Empowering Landowners
ExtrAct was founded three years ago at MIT's Center for Future Civic Media in the midst of the Marcellus boom to empower anxious landowners in their dealings with industry leasing agents, or "landmen," who offer tough-to-resist deals.
In Pennsylvania, natural gas companies have already leased about 7 million acres of public and private property — about one-quarter of the state's entire land mass — according to state authorities. Landowners can rake in millions with the initial lease and ensuing royalties.
"We have a lot of information [about drilling] from the industry, and from the states," explains Chris Csikszentmihályi, director of the Center for Future Civic Media, "but very little info from actual people who encounter the industry as regular citizens."
This is one of those "key moments when information will make a big difference," Csikszentmihályi adds.
I guess MIT missed this story from Sullivan County about gas
http://www.recordonline.com/apps/pbcs.dll/article?AID=/20110424/NEWS/104...
Could all the hubbub about gas drilling in Sullivan County be much ado about nothing?
The geologist who first calculated the enormous amount of natural gas in the Marcellus shale — part of which sits beneath Sullivan — sure thinks so.
"It's not going to happen. Sullivan is completely off the table. No one has to get excited about contaminated New York City drinking water," says Terry Engelder, Penn State professor of geosciences in the university's Appalachian Basin Black Shales Group.
So not only is there nothing to fear about shale gas, there is nothing to fear about it anyway.
On the same subject, from the MIT link which is described above as
Part two of ExtrAct, the News Positioning System, was released in early 2010. The simple website posts news articles onto a map of the United States, creating a database of stories by location.
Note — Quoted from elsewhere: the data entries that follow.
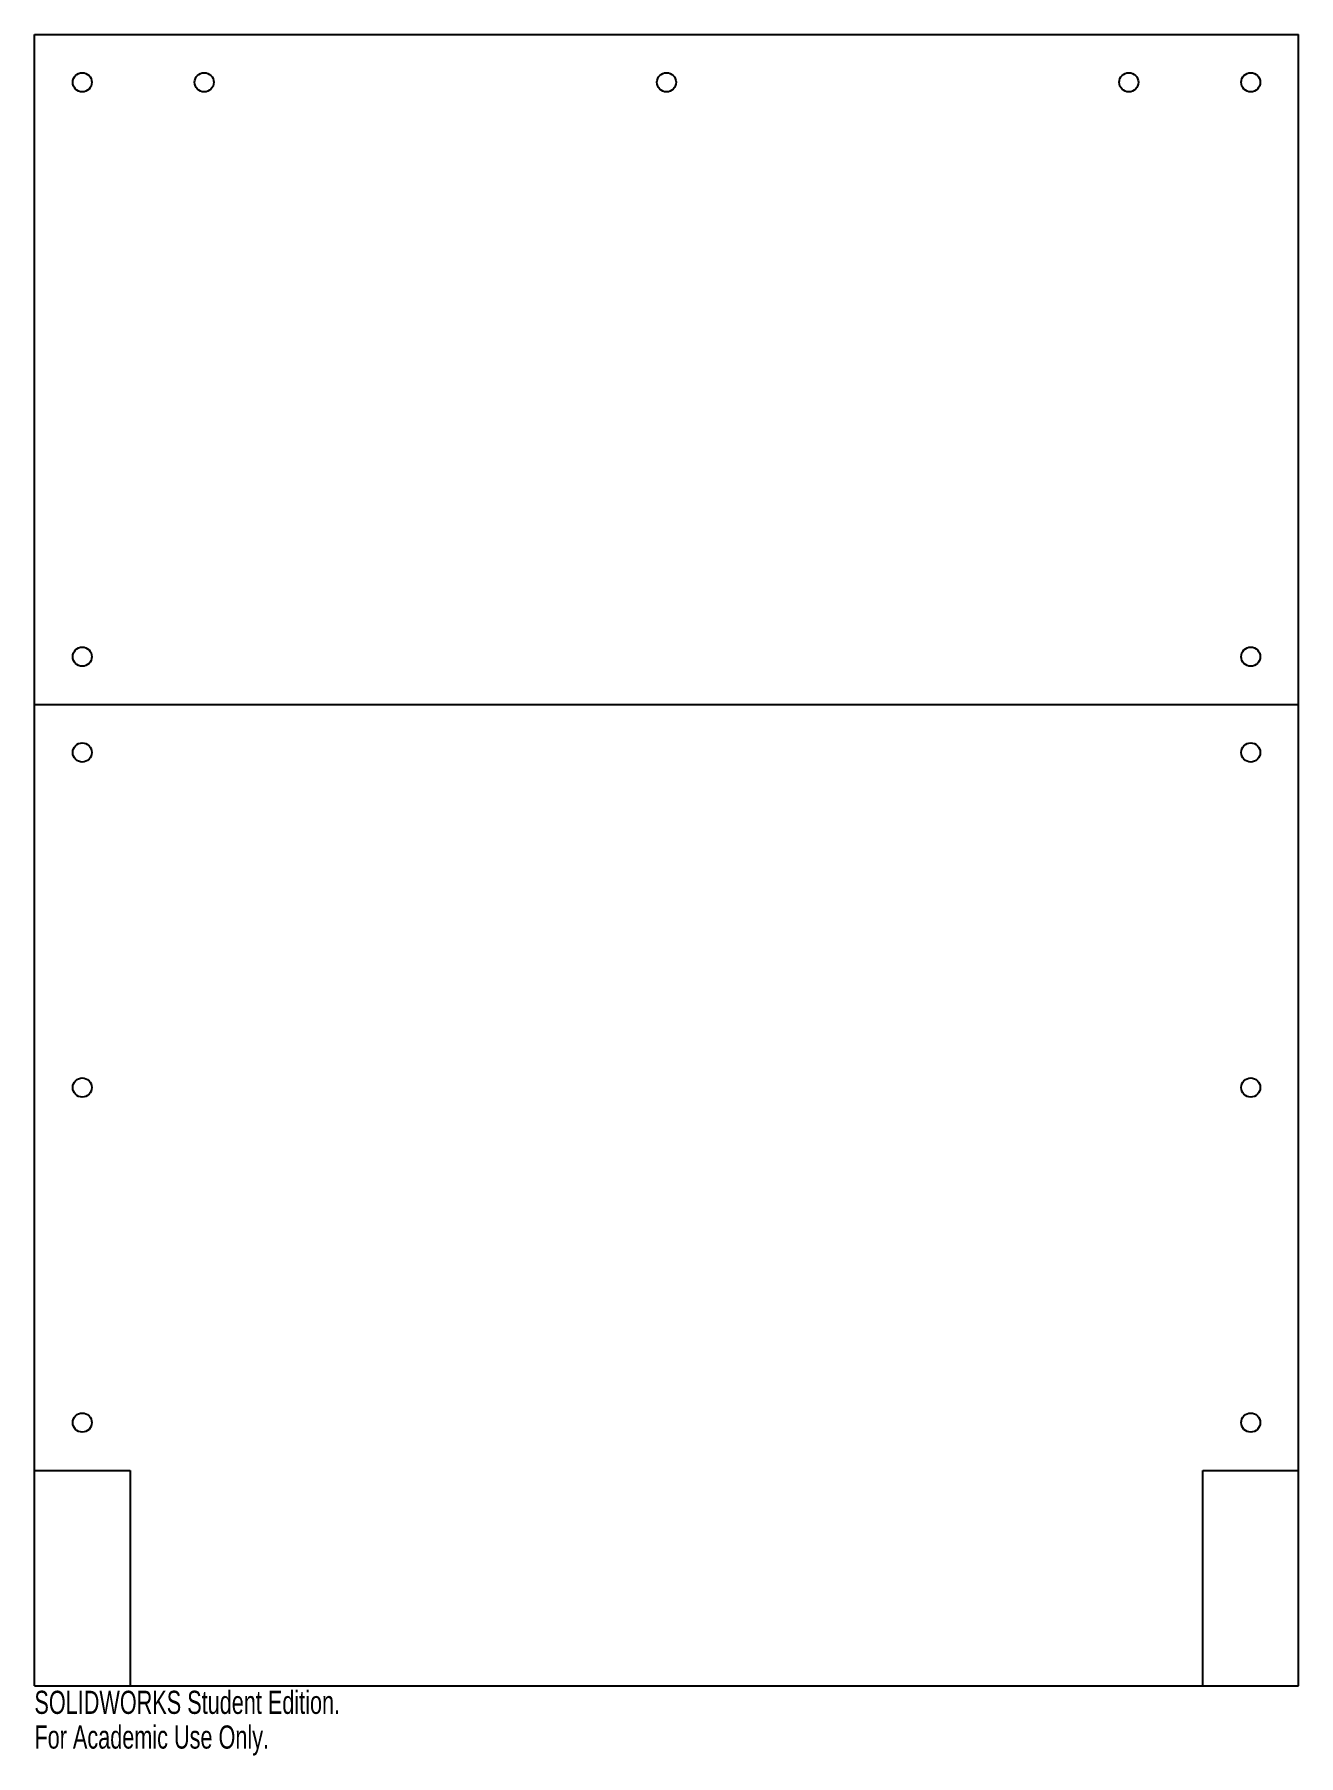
# Model space of a CAD drawing. Header units: millimetres. Extents: x 0 to 264, y -15 to 345.
import ezdxf

# ---------------------------------------------------------------- set-up
doc = ezdxf.new("R2010")
doc.units = ezdxf.units.MM
doc.styles.add('SLDTEXTSTYLE0', font='TXT', dxfattribs={"width": 0.7})

msp = doc.modelspace()

# ---------------------------------------------------------------- linework, layer by layer
at = {"color": 7, "linetype": 'Continuous'}
for p, q in [((0, 0), (0, 345)), ((0, 345), (264.16, 345)), ((264.16, 0), (264.16, 345)), ((0, 205), (264.16, 205)), ((0, 45), (20, 45)), ((20, 45), (20, 0)), ((244.16, 0), (244.16, 45)), ((244.16, 45), (264.16, 45)), ((0, 0), (264.16, 0))]:
    msp.add_line(p, q, dxfattribs=at)
for centre in [(10, 335), (35.48, 335), (132.08, 335), (228.68, 335), (254.16, 335), (10, 215), (254.16, 215), (10, 195), (254.16, 195), (10, 125), (254.16, 125), (10, 55), (254.16, 55)]:
    msp.add_circle(centre, 2, dxfattribs=at)

# ---------------------------------------------------------------- texts
at = {"color": 7, "linetype": 'Continuous', "char_height": 4.8336, "attachment_point": 1, "style": 'SLDTEXTSTYLE0'}
for s, insert in [('SOLIDWORKS Student Edition.', (0, -1.02)), ('For Academic Use Only.', (0, -8.27))]:
    msp.add_mtext(s, dxfattribs=dict(at, insert=insert))

doc.saveas('drawing.dxf')

It allows people to find out what's happening in other parts of the country, says Tara Meixsell, a western Colorado activist, and "to really understand they're not alone."
Yet the lead story http://www.whittierdailynews.com/news/ci_17924693#ixzz1KvbmZQfC
Is about
1. California: Not home to one single shale gas well
2. It's about oil. Not gas
3. And what is this shocking story? Forty, count 'em, four zero gallons of oil were spilled. That's awful. What an environmental catastrophe! Right up there with the Exxon Valdez for sure. Would I want that to happen in my neighborhood? Of course not. But I wouldn't want to spill forty gallons of milk either and I'm sure I've done that over the years.
MIT should read their own stuff on shale gas instead of confusing molehills with catastrophe.
http://web.mit.edu/press/2010/natural-gas.html
“Much has been said about natural gas as a bridge to a low-carbon future, with little underlying analysis to back up this contention. The analysis in this study provides the confirmation — natural gas truly is a bridge to a low-carbon future,” said MITEI Director Ernest J. Moniz in introducing the report.
I'm not saying that accidents don't and even will, happen. But what we need more than anything is some perspective and some rationality and a little less gullibility and emotion mongering.
If our national, state and local policy is to allow an industrial process to occur in a way that damages the property and health of citizens, then those citizens should be compensated by the industry—and maybe policy-makers—for their losses. If you do not have drinkable water on your property you can't sell it. For average people, our property is our life's investment, and if you lose the value of your property or your health, you lose everything. Gas industry activity is creating a new refugee class across our nation, only these refugees have little choice but to stay in their ruined homes.
Much like eminent domain was used during WWII to build steel mills in the interest of national security, if we as a country choose to buy the gas lobby's claims that we need this "safe" "transition" fuel for our energy security, then do the right thing and allow those whose health and property value will be destroyed to move away and be compensated at market value for their loss. Then the gas companies can be free to destroy—I mean,develop—that land, and their supporters left behind can live with the results, or move out too if necessary, with their newfound riches.